● RECORDS FOR THE TASK
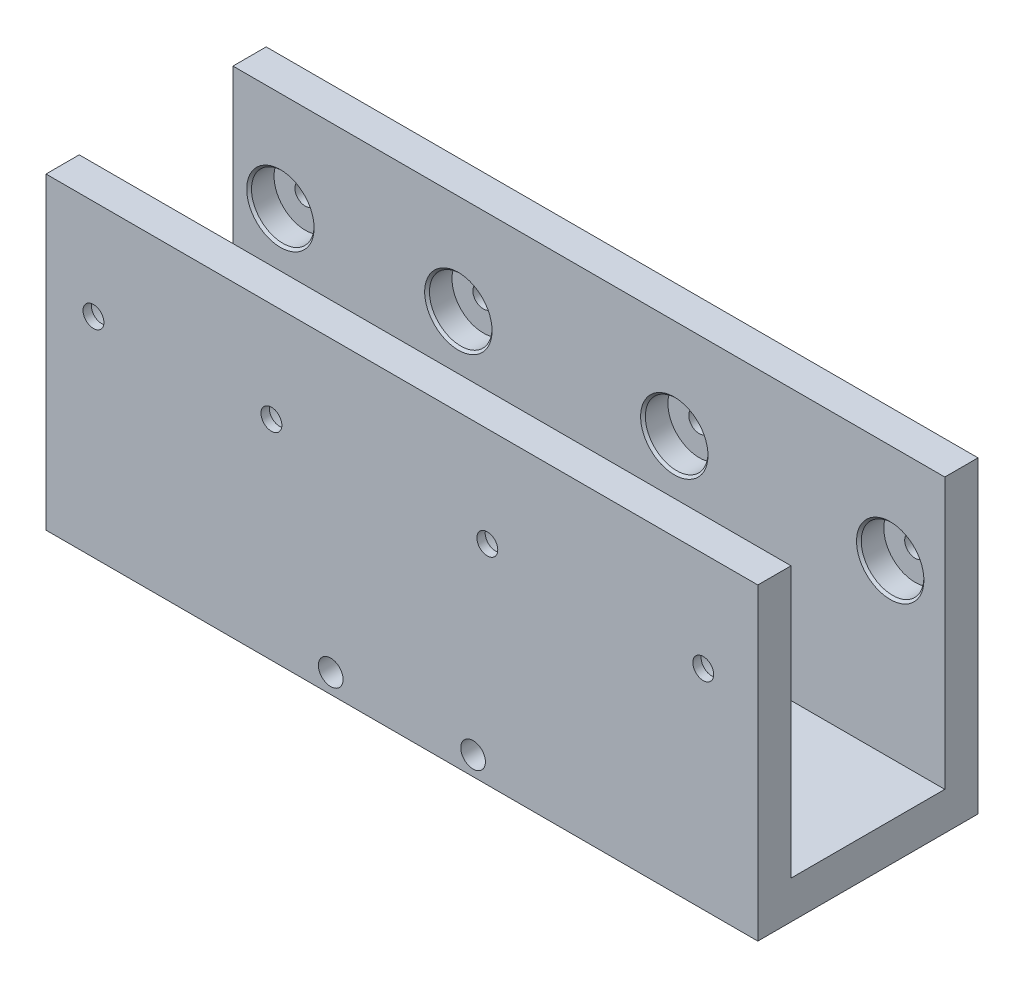
SolidWorks part; units mm, degrees
ref_plane "Front Plane" through (0, 0, 0) normal (0, 0, 1) x (1, 0, 0)
ref_plane "Top Plane" through (0, 0, 0) normal (0, 1, 0) x (1, 0, 0)
ref_plane "Right Plane" through (0, 0, 0) normal (1, 0, 0) x (0, 0, -1)
sketch "Sketch1" plane through (0, 0, 0) normal (0, 0, 1) x (1, 0, 0)
  line L1 (0, 0) -> (150, 0)
  line L2 (0, 0) -> (0, 65)
  line L3 (0, 65) -> (150, 65)
  line L4 (150, 0) -> (150, 65)
  dimension "D1" = 150
  dimension "D2" = 65
extrude "Boss-Extrude1" add sketch "Sketch1" along normal blind 7
sketch "Sketch2" plane through (0, 0, 7) normal (0, 0, 1) x (1, 0, 0)
  line L0 (0, 0) -> (150, 0) construction
  line L1 (0, 65) -> (0, 0) construction
  circle A0 centre (10, 44) radius 2.2
  circle A1 centre (47.5, 44) radius 2.2
  circle A2 centre (93, 44) radius 2.2
  circle A3 centre (138.5, 44) radius 2.2
  point P8 (0, 0)
  point P9 (-0.5162, 33.4546)
  point P10 (137.3785, 29.6275)
  dimension "D1" = 4.4
  dimension "D2" = 37.5
  dimension "D3" = 45.5
  dimension "D4" = 45.5
  dimension "D5" = 44
  dimension "D6" = 10
extrude "Cut-Extrude1" cut sketch "Sketch2" against normal up to next
sketch "Sketch3" plane through (0, 0, 0) normal (0, 0, -1) x (-1, 0, 0)
  line L0 (0, 65) -> (0, 0) construction
  line L1 (-150, 0) -> (0, 0)
  line L2 (-150, 0) -> (-150, 8)
  line L3 (-150, 8) -> (0, 8)
  line L4 (0, 0) -> (0, 8)
  dimension "D1" = 8
extrude "Boss-Extrude2" add sketch "Sketch3" along normal blind 16.2
sketch "Sketch4" plane through (0, 0, 0) normal (0, 0, -1) x (-1, 0, 0)
  circle A0 centre (-138.5, 44) radius 6.6
  circle A1 centre (-93, 44) radius 6.6
  circle A2 centre (-47.5, 44) radius 6.6
  circle A3 centre (-10, 44) radius 6.6
  dimension "D1" = 13.2
extrude "Cut-Extrude2" cut sketch "Sketch4" against normal blind 5.25
mirror "Mirror2" about plane through (0, 0, -16.2) normal (0, 0, 1) of "Boss-Extrude2"
ref_plane "Plane2" through (0, 0, -16.2) normal (0, 0, -1) x (-1, 0, 0)
mirror "Mirror3" about plane through (0, 0, -16.2) normal (0, 0, -1) of "Cut-Extrude2", "Cut-Extrude1", "Boss-Extrude1"
chamfer "Chamfer1" distance 0.5 angle 45 8 edges at (3.4, 44, -32.4) (40.9, 44, -32.4) (86.4, 44, -32.4) (131.9, 44, -32.4) (3.4, 44, 0) (40.9, 44, 0) (86.4, 44, 0) (131.9, 44, 0)
sketch "Sketch5" plane through (0, 0, 7) normal (0, 0, 1) x (1, 0, 0)
  line L0 (60, 4.0521) -> (90, 4) construction
  line L1 (0, 0) -> (150, 0) construction
  circle A0 centre (60, 4.0521) radius 2.6
  circle A1 centre (90, 4) radius 2.6
  point P6 (75, 0)
  point P7 (75, 4.0261)
  dimension "D1" = 5.2
  dimension "D2" = 30
  dimension "D3" = 4
extrude "Cut-Extrude3" cut sketch "Sketch5" against normal blind 7
sketch "Sketch7" plane through (0, 0, 0) normal (0, 0, 1) x (1, 0, 0)
  circle A0 centre (60, 4.0521) radius 1.5
  circle A1 centre (90, 4) radius 1.5
  dimension "D1" = 3
extrude "Cut-Extrude4" cut sketch "Sketch7" against normal through all

● EXERCISE
Nothing but the lines with "point" should be returned, copied from the entries above.

● TASK OUTPUT
  point P8 (0, 0)
  point P9 (-0.5162, 33.4546)
  point P10 (137.3785, 29.6275)
  point P6 (75, 0)
  point P7 (75, 4.0261)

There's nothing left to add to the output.